Si no existe el pecado original, los hombres nacen buenos y pueden desear lo que quieran, según su libertad y su conciencia. En otro himno de esta fiesta rezamos: “Gens et regnum quod non servierit tibi, peribit” (La nación y el reino que no te sirva, perecerá).

¿Qué tenemos pues qué hacer ante esta situación? Desear el reino de Jesucristo, rezar con todo nuestro corazón, con toda el alma, especialmente en esta fiesta, pedir a Nuestro Señor que reine, que nos ayude, que venga en nuestro socorro. Dios sabe que nos ha dado todos los medios para salvarnos. Pero ante esta situación aparentemente insoluble ¿qué más podemos hacer? Pues lo que Jesucristo quiere que hagamos: sacrificarnos, es decir, santificarnos, resucitar la gracia que un día recibimos en nuestro bautismo para borrar el pecado original y todas sus secuelas.
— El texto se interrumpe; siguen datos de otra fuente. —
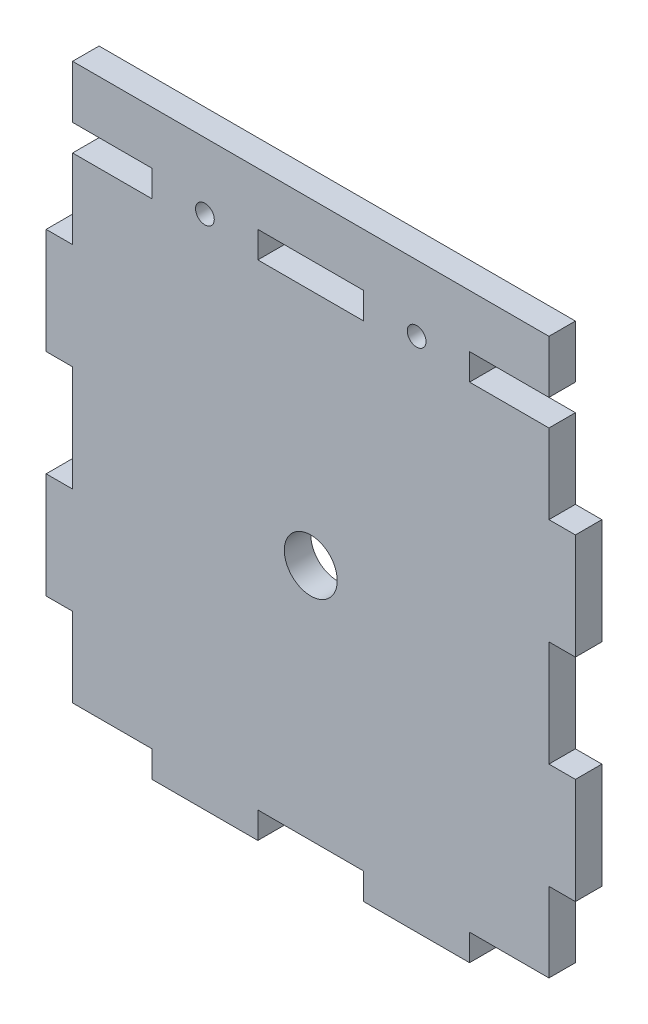
SolidWorks part; units mm, degrees
ref_plane "Front Plane" through (0, 0, 0) normal (0, 0, 1) x (1, 0, 0)
ref_plane "Top Plane" through (0, 0, 0) normal (0, 1, 0) x (1, 0, 0)
ref_plane "Right Plane" through (0, 0, 0) normal (1, 0, 0) x (0, 0, -1)
sketch "Sketch1" plane through (0, 0, 0) normal (0, 0, 1) x (1, 0, 0)
  line L1 (0, 0) -> (127, 0)
  line L2 (0, 0) -> (0, 139.7)
  line L3 (0, 139.7) -> (127, 139.7)
  line L4 (127, 0) -> (127, 139.7)
  dimension "D1" = 127
  dimension "D2" = 139.7
extrude "Boss-Extrude1" add sketch "Sketch1" along normal blind 6.35
sketch "Sketch5" plane through (0, 0, 6.35) normal (0, 0, 1) x (1, 0, 0)
  line L1 (0, 0) -> (6.35, 0)
  line L2 (0, 0) -> (0, 25.4)
  line L3 (0, 25.4) -> (6.35, 25.4)
  line L4 (6.35, 0) -> (6.35, 25.4)
  dimension "D1" = 25.4
  dimension "D2" = 6.35
extrude "Cut-Extrude4" cut sketch "Sketch5" against normal blind 6.35
sketch "Sketch6" plane through (0, 0, 6.35) normal (0, 0, 1) x (1, 0, 0)
  line L1 (0, 0) -> (25.4, 0)
  line L2 (0, 0) -> (0, 6.35)
  line L3 (0, 6.35) -> (25.4, 6.35)
  line L4 (25.4, 0) -> (25.4, 6.35)
  dimension "D1" = 6.35
  dimension "D2" = 25.4
extrude "Cut-Extrude5" cut sketch "Sketch6" against normal blind 6.35
pattern_linear "LPattern5" count 3 spacing 50.8 along (0, 1, 0) count 2 spacing 120.65 along (1, 0, 0) of "Cut-Extrude4"
pattern_linear "LPattern6" count 3 spacing 50.8 along (1, 0, 0) count 2 spacing 120.65 along (0, 1, 0) of "Cut-Extrude5"
sketch "Sketch7" plane through (0, 0, 6.35) normal (0, 0, 1) x (1, 0, 0)
  line L0 (127, 127) -> (101.6, 127) construction
  line L1 (6.35, 120.65) -> (0, 120.65)
  line L2 (6.35, 120.65) -> (6.35, 139.7)
  line L3 (6.35, 139.7) -> (0, 139.7)
  line L4 (0, 120.65) -> (0, 139.7)
  line L5 (127, 139.7) -> (120.65, 139.7)
  line L6 (127, 139.7) -> (127, 127)
  line L7 (127, 127) -> (120.65, 127)
  line L8 (120.65, 139.7) -> (120.65, 127)
  dimension "D1" = 6.35
  dimension "D2" = 19.05
  dimension "D3" = 6.35
extrude "Cut-Extrude6" cut sketch "Sketch7" against normal blind 6.35
hole_wizard "#8 Clearance Hole1" positions "Sketch10" profile "Sketch9" hole size "#8" standard "ANSI Inch"
sketch "Sketch10" plane through (0, 0, 6.35) normal (0, 0, 1) x (1, 0, 0)
  line L2 (25.4, 120.65) -> (25.4, 127) construction
  line L3 (76.2, 127) -> (50.8, 127) construction
  line L4 (76.2, 120.65) -> (76.2, 127) construction
  point P0 (38.1, 123.825)
  point P2 (88.9, 123.825)
  point P10 (25.4, 123.825)
  dimension "D1" = 12.7
  dimension "D3" = 12.7
  dimension "D4" = 3.175
sketch "Sketch9" plane through (38.1, 123.825, 6.35) normal (1, 0, 0) x (0, -1, 0)
  line L0 (0, 0) -> (0, 11.5107)
  line L1 (0, 11.5107) -> (2.2479, 10.16)
  line L2 (2.2479, 10.16) -> (2.2479, 0)
  line L5 (2.2479, 0) -> (0, 0)
  line L10 (0, 11.5107) -> (-2.2479, 10.16) construction
  line L11 (0, -6.35) -> (0, 107.95) construction
  dimension "Hole Dia." = 4.4958
  dimension "Hole Depth" = 10.16
  dimension "Drill Angle" = 118
sketch "Sketch11" plane through (0, 0, 6.35) normal (0, 0, 1) x (1, 0, 0)
  circle A0 centre (63.5, 63.5) radius 6.35
  dimension "D1" = 12.7
extrude "Cut-Extrude7" cut sketch "Sketch11" against normal blind 7.62
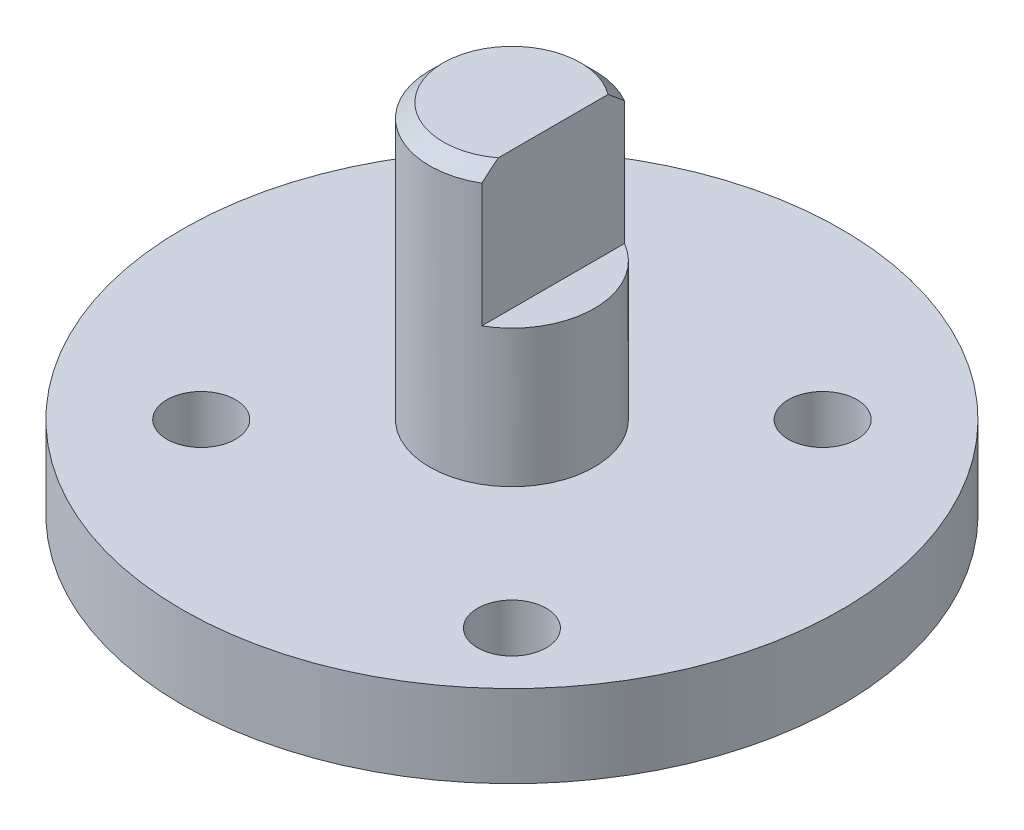
SolidWorks part; units mm, degrees
ref_plane "Alzado" through (0, 0, 0) normal (0, 0, 1) x (1, 0, 0)
ref_plane "Planta" through (0, 0, 0) normal (0, 1, 0) x (1, 0, 0)
ref_plane "Vista lateral" through (0, 0, 0) normal (1, 0, 0) x (0, 0, -1)
sketch "Croquis1" plane through (0, 0, 0) normal (0, 1, 0) x (1, 0, 0)
  line L0 (0, 0) -> (-6.6149, 6.6149) construction
  line L1 (-6.6149, 6.6149) -> (7.3418, -7.3418) construction
  line L2 (0, 0) -> (-7.8255, -7.8255) construction
  line L3 (-7.8255, -7.8255) -> (6.0905, 6.0905) construction
  circle A0 centre (0, 0) radius 12
  circle A1 centre (-6.5761, 6.5761) radius 1.25
  circle A6 centre (0, 0) radius 3
  circle A7 centre (5.6569, 5.6569) radius 1.25
  circle A8 centre (6.5761, -6.5761) radius 1.25
  circle A9 centre (-5.6569, -5.6569) radius 1.25
  circle A10 centre (0, 0) radius 9.3 construction
  circle A11 centre (0, 0) radius 8 construction
  point P14 (-1.6569, -4)
  point P23 (0, 0)
  dimension "D1" = 24
  dimension "D2" = 2.5
  dimension "D5" = 18.6
  dimension "D6" = 6
  dimension "D8" = 16
  dimension "D7" = 45
extrude "Saliente-Extruir1" add sketch "Croquis1" along normal blind 3 contours A0 A6 A1 | A6 region at (-11.6606, 0, 0) region at (0, 0, 0)
extrude "Saliente-Extruir2" add sketch "Croquis1<3>" along normal blind 10 from surface contours A6 starting at face at (-5.6569, 3, 6.9069)
sketch "Croquis1<3>" plane through (0, 0, 0) normal (0, 1, 0) x (1, 0, 0) same geometry as "Croquis1"
sketch "Croquis2" plane through (0, 13, 0) normal (0, 1, 0) x (1, 0, 0)
  line L0 (1.5, 2.5981) -> (1.5, -2.5981)
  circle A0 centre (0, 0) radius 3 construction
  arc A1 (1.5, -2.5981) -> (1.5, 2.5981) centre (0, 0) ccw
  dimension "D1" = 1.5
extrude "Cortar-Extruir1" cut sketch "Croquis2" against normal blind 5
chamfer "Chaflán1" distance 0.5 angle 45 1 edges at (-3, 13, 0)

Bien sabemos que aún tenemos en nosotros esas heridas que el pecado original infligió en nosotros, que las llevamos en nosotros: y que hemos de luchar constantemente por la gracia de Jesucristo, a través de la oración, recibiendo digna y frecuentemente los sacramentos a través de la asistencia y participación en la Santa Misa. Sabemos que así purificaremos nuestras almas y éstas se santificarán y que nuestras almas harán reinar en ellas la ley y la gracia de Jesucristo. Y no hemos de hacerlo sólo por nosotros. Tenemos una misión, una vocación aquí en la tierra. No vivimos solos, aislados. Tenemos que hacer que Él reine en nuestras familias, en nuestros ambientes de trabajo, en nuestros barrios y ciudades. A través de nuestras buenas obras haremos ya presente su Reino en todo lo que hagamos por el bien de nuestra ciudad y de nuestro país.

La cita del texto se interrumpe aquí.